# Routines I Like



## basskiller (Feb 10, 2013)

I structure routines for trainees a variety of ways, dependent on the trainee's goals, recovery ability, and to a lesser degree psychological makeup and lifestyle/work schedule. I am frequently asked what kind of routines I do, and what types of routines I put my trainees on, and as you will see below there is no pat answer because they really do vary a lot. I have other routines posted on my website Iron Addicts if you care to look. Now on to a brief view of some favorites:

Here is a two day a week routine that I have absolute confidence in for myself, and many hardgainers and easy-gainers alike that want to devote time to “bread and butter training. If you have never done a two day a week routine you have no idea how much better you fill “fire” due to the time between workouts and the CNS recovery it allows.

Day One:

Bench Press, or Dumbbell Bench Press

Dips

Military Press, or Dumbbell Press

Heavy Abs

Day Two:

Wide Grip Chins

Barbell Curl

Trap Bar Deadlift Or Conventional Deadlift

Calf Raise

If using a Trap Bar I don't do any other leg-work. When using a strait bar, I will do, or have trainees do leg presses also. Sets can be anywhere from one to ten sets a lift, but are usually closer to 1-3 per lift.

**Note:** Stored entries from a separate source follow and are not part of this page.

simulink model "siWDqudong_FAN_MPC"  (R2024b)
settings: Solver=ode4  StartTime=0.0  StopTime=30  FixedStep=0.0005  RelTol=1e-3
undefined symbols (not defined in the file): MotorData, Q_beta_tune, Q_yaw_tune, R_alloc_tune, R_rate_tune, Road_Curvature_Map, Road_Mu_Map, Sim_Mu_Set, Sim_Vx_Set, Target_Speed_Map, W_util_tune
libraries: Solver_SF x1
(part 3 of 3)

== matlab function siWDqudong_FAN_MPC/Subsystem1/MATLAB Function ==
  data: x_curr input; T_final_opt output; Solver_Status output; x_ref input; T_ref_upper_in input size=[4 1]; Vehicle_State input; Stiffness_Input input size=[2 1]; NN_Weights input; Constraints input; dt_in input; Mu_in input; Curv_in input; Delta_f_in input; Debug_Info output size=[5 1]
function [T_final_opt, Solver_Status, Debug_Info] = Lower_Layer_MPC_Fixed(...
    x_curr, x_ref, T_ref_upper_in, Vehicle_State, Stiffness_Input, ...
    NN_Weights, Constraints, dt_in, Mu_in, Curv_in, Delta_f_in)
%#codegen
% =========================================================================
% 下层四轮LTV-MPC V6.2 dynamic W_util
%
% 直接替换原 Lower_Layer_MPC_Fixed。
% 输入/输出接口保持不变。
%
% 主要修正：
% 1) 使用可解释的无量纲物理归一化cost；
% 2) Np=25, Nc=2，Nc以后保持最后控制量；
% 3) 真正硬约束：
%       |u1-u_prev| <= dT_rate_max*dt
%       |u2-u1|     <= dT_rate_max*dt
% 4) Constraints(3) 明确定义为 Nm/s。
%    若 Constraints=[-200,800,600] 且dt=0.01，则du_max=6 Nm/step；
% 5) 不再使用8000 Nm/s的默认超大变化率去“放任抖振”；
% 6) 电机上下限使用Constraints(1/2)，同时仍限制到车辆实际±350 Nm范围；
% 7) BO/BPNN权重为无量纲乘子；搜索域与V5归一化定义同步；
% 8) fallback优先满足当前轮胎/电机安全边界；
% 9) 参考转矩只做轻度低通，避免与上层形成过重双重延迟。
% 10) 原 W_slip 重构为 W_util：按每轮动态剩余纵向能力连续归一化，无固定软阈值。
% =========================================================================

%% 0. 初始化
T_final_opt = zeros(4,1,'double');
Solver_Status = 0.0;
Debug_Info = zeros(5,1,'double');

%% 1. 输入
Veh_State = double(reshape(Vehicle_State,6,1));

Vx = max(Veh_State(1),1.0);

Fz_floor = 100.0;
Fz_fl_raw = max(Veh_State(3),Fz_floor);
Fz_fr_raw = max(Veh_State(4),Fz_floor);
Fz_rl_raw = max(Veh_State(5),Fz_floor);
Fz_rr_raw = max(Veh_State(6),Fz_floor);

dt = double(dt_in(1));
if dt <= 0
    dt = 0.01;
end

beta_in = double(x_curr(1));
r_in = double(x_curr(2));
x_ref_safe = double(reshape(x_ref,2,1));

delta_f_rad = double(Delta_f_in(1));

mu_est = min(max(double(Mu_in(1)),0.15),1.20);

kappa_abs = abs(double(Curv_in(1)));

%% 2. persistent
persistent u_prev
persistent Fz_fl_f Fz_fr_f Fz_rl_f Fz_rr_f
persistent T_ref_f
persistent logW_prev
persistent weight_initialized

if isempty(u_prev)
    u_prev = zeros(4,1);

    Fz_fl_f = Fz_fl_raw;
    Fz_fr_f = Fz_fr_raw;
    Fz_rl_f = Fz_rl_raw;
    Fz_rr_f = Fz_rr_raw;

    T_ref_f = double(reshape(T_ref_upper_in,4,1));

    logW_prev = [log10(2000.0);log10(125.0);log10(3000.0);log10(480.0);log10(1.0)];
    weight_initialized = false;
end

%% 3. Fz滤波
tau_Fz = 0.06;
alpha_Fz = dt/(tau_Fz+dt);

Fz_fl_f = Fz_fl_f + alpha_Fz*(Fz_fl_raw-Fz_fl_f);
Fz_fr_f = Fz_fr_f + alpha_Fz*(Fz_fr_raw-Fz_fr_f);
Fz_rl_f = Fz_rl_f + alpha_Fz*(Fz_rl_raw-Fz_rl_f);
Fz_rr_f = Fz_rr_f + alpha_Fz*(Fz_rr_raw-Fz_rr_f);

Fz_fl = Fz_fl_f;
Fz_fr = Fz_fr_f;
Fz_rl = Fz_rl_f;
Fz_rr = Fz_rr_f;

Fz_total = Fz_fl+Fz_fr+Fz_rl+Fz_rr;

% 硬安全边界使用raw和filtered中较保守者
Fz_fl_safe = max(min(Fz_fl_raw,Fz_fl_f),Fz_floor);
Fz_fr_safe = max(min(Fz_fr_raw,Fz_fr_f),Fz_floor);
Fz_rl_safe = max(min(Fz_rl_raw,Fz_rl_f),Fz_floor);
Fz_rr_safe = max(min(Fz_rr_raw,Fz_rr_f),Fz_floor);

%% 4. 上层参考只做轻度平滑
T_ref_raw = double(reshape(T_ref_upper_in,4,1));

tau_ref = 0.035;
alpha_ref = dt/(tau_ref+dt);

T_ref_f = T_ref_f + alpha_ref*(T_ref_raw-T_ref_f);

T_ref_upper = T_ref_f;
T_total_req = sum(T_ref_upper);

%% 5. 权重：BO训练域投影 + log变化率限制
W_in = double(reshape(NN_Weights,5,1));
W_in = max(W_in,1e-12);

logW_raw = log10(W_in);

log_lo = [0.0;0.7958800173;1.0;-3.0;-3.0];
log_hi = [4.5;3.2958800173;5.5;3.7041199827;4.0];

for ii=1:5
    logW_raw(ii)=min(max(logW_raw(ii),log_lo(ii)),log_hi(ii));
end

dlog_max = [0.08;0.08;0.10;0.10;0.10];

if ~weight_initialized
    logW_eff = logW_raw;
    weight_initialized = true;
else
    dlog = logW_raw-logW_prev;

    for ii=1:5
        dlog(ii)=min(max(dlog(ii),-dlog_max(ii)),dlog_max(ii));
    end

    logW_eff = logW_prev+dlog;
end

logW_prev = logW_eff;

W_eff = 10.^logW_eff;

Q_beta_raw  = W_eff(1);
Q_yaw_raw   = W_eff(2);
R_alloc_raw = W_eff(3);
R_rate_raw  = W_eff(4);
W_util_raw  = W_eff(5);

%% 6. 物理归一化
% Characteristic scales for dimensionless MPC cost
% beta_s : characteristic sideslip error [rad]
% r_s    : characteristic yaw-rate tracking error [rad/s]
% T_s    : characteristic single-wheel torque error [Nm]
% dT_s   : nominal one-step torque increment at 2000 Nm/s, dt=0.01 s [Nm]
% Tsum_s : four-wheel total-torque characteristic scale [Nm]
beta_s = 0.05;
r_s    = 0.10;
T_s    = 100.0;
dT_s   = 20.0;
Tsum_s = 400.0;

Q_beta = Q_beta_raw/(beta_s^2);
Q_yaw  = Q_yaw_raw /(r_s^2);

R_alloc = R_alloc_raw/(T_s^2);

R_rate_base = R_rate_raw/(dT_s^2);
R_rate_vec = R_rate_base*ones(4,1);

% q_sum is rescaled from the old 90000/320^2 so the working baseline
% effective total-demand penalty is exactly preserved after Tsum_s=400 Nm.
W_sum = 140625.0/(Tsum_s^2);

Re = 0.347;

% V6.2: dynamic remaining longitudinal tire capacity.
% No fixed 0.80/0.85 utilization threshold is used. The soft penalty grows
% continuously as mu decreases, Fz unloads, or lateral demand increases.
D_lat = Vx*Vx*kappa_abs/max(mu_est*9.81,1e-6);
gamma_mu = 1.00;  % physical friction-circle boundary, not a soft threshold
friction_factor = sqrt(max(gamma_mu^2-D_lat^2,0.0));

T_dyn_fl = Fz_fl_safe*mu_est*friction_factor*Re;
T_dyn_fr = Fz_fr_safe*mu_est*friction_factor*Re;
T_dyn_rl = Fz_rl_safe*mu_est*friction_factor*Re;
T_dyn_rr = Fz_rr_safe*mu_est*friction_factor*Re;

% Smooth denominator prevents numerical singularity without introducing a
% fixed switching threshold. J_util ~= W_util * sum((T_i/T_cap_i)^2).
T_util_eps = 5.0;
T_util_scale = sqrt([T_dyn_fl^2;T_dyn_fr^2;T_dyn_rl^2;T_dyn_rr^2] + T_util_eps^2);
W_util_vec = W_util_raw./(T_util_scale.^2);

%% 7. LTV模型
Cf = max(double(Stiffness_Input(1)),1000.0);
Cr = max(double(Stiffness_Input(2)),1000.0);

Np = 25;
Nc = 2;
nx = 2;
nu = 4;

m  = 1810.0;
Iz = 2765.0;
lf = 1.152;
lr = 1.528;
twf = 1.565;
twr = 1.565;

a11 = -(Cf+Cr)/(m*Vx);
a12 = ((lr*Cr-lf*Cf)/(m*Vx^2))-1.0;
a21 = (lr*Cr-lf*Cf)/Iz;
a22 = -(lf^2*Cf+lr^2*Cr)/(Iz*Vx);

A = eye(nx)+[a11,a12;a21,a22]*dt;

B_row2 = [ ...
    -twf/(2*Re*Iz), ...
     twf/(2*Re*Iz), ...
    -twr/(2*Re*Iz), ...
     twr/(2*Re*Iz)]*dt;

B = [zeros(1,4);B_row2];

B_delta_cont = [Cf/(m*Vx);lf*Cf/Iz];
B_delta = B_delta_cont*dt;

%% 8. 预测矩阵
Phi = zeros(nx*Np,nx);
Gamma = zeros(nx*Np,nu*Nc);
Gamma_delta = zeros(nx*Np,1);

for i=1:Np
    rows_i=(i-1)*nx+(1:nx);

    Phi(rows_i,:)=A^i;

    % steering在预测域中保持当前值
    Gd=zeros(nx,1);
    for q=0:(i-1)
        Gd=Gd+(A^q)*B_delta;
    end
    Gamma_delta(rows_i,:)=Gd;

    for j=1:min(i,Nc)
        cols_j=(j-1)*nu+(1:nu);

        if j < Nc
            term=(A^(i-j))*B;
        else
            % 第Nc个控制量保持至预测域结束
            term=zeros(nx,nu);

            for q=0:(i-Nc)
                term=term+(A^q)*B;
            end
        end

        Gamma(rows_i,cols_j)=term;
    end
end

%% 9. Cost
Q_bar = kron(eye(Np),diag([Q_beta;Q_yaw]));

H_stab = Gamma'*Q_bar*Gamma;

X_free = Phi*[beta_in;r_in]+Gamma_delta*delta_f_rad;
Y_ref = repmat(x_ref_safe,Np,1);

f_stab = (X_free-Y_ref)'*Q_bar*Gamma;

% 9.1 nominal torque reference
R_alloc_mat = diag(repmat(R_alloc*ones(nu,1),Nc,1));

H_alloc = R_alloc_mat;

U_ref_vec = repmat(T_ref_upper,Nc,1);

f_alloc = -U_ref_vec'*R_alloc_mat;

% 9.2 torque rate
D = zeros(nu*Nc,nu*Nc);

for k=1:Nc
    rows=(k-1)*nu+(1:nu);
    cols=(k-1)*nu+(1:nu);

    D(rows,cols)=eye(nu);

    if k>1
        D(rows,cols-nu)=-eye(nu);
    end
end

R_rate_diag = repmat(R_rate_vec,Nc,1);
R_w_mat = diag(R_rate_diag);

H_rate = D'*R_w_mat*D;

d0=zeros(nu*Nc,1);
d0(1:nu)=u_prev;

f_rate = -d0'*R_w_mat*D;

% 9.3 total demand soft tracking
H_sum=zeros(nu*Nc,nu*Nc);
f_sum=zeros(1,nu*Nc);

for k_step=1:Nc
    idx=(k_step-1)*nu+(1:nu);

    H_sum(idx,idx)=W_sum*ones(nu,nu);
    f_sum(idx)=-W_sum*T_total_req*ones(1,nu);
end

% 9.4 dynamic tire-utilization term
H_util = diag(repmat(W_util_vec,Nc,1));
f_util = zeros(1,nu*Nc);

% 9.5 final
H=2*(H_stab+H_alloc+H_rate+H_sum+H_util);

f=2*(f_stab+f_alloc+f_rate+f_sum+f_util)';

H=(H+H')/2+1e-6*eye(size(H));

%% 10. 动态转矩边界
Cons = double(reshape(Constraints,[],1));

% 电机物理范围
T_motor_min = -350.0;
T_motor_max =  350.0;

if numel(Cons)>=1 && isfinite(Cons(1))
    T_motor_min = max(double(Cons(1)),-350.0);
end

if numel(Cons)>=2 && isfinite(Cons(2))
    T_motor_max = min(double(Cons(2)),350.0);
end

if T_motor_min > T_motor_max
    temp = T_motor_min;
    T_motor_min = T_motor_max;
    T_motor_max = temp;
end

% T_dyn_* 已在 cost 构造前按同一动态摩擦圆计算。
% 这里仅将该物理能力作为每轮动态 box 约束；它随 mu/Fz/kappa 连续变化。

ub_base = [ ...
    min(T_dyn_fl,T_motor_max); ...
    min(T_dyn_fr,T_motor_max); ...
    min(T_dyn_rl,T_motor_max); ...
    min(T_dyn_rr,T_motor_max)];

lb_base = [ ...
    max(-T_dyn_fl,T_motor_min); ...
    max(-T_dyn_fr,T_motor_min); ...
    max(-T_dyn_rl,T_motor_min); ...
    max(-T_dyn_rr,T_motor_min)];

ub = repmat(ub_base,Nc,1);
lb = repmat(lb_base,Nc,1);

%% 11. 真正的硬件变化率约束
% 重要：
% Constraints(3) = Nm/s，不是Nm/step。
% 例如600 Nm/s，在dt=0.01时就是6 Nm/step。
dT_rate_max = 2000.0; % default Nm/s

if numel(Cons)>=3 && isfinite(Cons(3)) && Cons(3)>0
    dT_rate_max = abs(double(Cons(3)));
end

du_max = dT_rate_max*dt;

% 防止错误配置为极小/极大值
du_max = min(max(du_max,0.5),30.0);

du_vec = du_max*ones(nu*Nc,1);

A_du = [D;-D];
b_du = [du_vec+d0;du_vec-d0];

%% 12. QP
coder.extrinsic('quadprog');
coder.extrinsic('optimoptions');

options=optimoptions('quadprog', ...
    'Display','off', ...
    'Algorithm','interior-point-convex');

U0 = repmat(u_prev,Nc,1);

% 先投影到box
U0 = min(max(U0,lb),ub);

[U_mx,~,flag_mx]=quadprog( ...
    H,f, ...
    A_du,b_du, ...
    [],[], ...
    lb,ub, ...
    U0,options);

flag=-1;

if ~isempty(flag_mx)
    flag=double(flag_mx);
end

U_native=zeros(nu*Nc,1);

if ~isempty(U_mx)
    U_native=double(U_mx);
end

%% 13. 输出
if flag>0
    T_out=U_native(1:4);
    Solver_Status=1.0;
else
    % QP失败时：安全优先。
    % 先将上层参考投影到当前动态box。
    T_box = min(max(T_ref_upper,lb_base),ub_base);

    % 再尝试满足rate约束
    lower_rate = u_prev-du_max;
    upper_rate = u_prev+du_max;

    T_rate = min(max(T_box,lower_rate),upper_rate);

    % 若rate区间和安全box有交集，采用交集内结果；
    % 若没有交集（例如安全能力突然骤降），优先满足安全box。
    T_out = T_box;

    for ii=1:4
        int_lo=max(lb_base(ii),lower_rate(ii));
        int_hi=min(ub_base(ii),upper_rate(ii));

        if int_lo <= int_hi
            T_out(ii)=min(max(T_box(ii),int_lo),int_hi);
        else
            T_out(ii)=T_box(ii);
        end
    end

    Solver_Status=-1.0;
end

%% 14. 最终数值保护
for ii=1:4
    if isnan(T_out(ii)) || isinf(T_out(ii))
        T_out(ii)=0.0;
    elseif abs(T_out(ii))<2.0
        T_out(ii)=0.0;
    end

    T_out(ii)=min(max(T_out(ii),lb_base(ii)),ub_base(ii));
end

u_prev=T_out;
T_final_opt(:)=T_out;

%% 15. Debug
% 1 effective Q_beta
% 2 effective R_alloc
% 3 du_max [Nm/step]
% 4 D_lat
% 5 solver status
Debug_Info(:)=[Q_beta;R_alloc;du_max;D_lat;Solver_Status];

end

A solid 3-day a week routine format I use a lot is.

Day One:

Dips or Bench Press

Incline Press, or incline Fly

Military Press, Or Hammer Shoulder Press

Day Two:

Hammer Pull-Down or Pull-Up

Hammer Iso-Row, or Barbell Row

EZ-Bar Or Dumbell Curl

Heavy Abs

Day Three:

Squats

Deadlifts, or Stiff-Legged Deadlift

Calf Raise

Sets can again be anywhere from one to ten sets a lift, but are usually closer to 1-3 per lift. This is done Mon/Wed/Fri, or Tues/Thur/Sat. It also works well doing a 3 in 9 day rotation with 2 days rest between workouts.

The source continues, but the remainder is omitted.